[Data extracted from a collection]
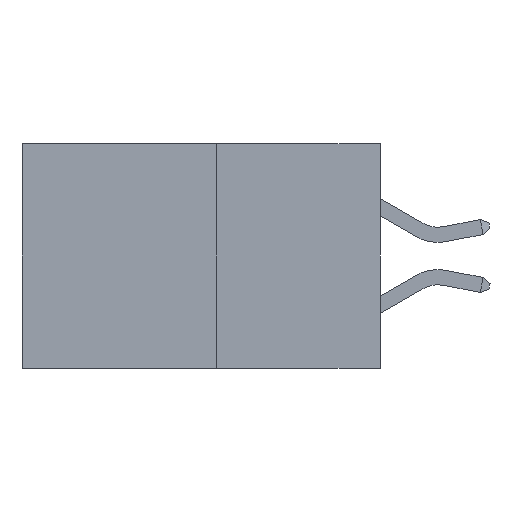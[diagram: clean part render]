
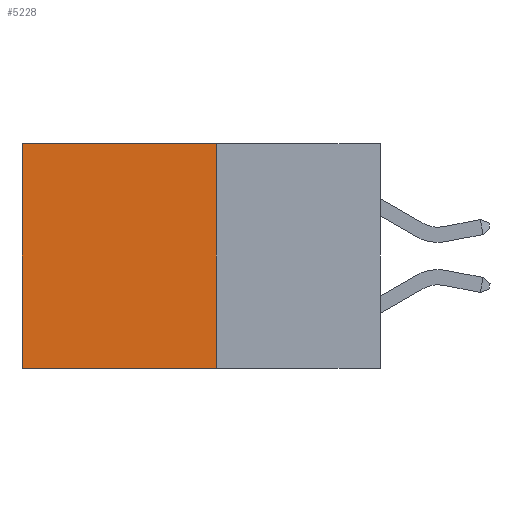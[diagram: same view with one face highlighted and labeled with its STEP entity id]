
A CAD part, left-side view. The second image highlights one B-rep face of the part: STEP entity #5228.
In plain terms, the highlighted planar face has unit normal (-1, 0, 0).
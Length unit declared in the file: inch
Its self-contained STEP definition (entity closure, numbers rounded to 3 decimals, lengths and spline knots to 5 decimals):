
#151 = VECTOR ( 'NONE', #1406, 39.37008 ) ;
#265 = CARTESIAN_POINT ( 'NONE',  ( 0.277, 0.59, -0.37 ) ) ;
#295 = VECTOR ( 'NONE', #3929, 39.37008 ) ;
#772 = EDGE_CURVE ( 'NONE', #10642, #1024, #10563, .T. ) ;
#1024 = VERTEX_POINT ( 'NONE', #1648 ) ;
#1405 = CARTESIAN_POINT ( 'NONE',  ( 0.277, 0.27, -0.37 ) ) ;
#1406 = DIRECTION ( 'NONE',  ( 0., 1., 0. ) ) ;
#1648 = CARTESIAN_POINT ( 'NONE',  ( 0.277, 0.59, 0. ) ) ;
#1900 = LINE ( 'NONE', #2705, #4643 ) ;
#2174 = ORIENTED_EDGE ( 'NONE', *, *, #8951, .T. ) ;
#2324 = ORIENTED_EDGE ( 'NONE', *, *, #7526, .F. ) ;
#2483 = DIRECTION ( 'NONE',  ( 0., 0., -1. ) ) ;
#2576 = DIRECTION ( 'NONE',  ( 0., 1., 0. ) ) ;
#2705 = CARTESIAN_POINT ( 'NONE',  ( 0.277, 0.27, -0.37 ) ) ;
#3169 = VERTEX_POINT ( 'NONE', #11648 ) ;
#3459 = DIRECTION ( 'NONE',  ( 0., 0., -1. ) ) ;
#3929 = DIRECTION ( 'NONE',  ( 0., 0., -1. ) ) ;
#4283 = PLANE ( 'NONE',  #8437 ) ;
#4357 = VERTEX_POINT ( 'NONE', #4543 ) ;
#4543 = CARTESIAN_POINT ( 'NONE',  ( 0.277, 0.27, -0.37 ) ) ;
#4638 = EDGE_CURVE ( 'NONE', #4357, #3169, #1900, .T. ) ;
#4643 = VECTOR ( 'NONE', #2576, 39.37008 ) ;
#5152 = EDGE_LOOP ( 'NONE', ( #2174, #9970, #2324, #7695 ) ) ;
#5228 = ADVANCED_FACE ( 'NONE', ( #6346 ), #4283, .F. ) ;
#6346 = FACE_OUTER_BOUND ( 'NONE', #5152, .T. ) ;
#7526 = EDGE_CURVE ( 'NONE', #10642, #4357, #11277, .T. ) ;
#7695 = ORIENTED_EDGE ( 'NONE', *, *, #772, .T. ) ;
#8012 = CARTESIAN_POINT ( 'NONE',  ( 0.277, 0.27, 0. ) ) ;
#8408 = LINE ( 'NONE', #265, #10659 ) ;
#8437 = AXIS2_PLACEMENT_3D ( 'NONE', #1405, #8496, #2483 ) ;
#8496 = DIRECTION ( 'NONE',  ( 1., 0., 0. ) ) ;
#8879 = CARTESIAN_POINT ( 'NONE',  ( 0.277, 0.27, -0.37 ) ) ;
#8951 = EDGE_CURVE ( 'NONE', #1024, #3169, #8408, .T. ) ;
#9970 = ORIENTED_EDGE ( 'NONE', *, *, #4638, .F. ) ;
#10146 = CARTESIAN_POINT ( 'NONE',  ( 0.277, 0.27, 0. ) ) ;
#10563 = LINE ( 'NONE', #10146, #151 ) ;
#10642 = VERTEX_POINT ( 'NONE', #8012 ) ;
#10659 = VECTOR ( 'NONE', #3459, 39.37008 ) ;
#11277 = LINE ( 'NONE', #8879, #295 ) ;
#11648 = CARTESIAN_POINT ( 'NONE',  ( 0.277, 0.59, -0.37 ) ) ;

Task brief: Taking the entries above, print exactly the lines starting at the line with "#4643 = VECTOR ( 'NONE', #2576, 39.37008 ) ;" and ending at the line with "#8437 = AXIS2_PLACEMENT_3D", both included.

Solution to this exercise:
#4643 = VECTOR ( 'NONE', #2576, 39.37008 ) ;
#5152 = EDGE_LOOP ( 'NONE', ( #2174, #9970, #2324, #7695 ) ) ;
#5228 = ADVANCED_FACE ( 'NONE', ( #6346 ), #4283, .F. ) ;
#6346 = FACE_OUTER_BOUND ( 'NONE', #5152, .T. ) ;
#7526 = EDGE_CURVE ( 'NONE', #10642, #4357, #11277, .T. ) ;
#7695 = ORIENTED_EDGE ( 'NONE', *, *, #772, .T. ) ;
#8012 = CARTESIAN_POINT ( 'NONE',  ( 0.277, 0.27, 0. ) ) ;
#8408 = LINE ( 'NONE', #265, #10659 ) ;
#8437 = AXIS2_PLACEMENT_3D ( 'NONE', #1405, #8496, #2483 ) ;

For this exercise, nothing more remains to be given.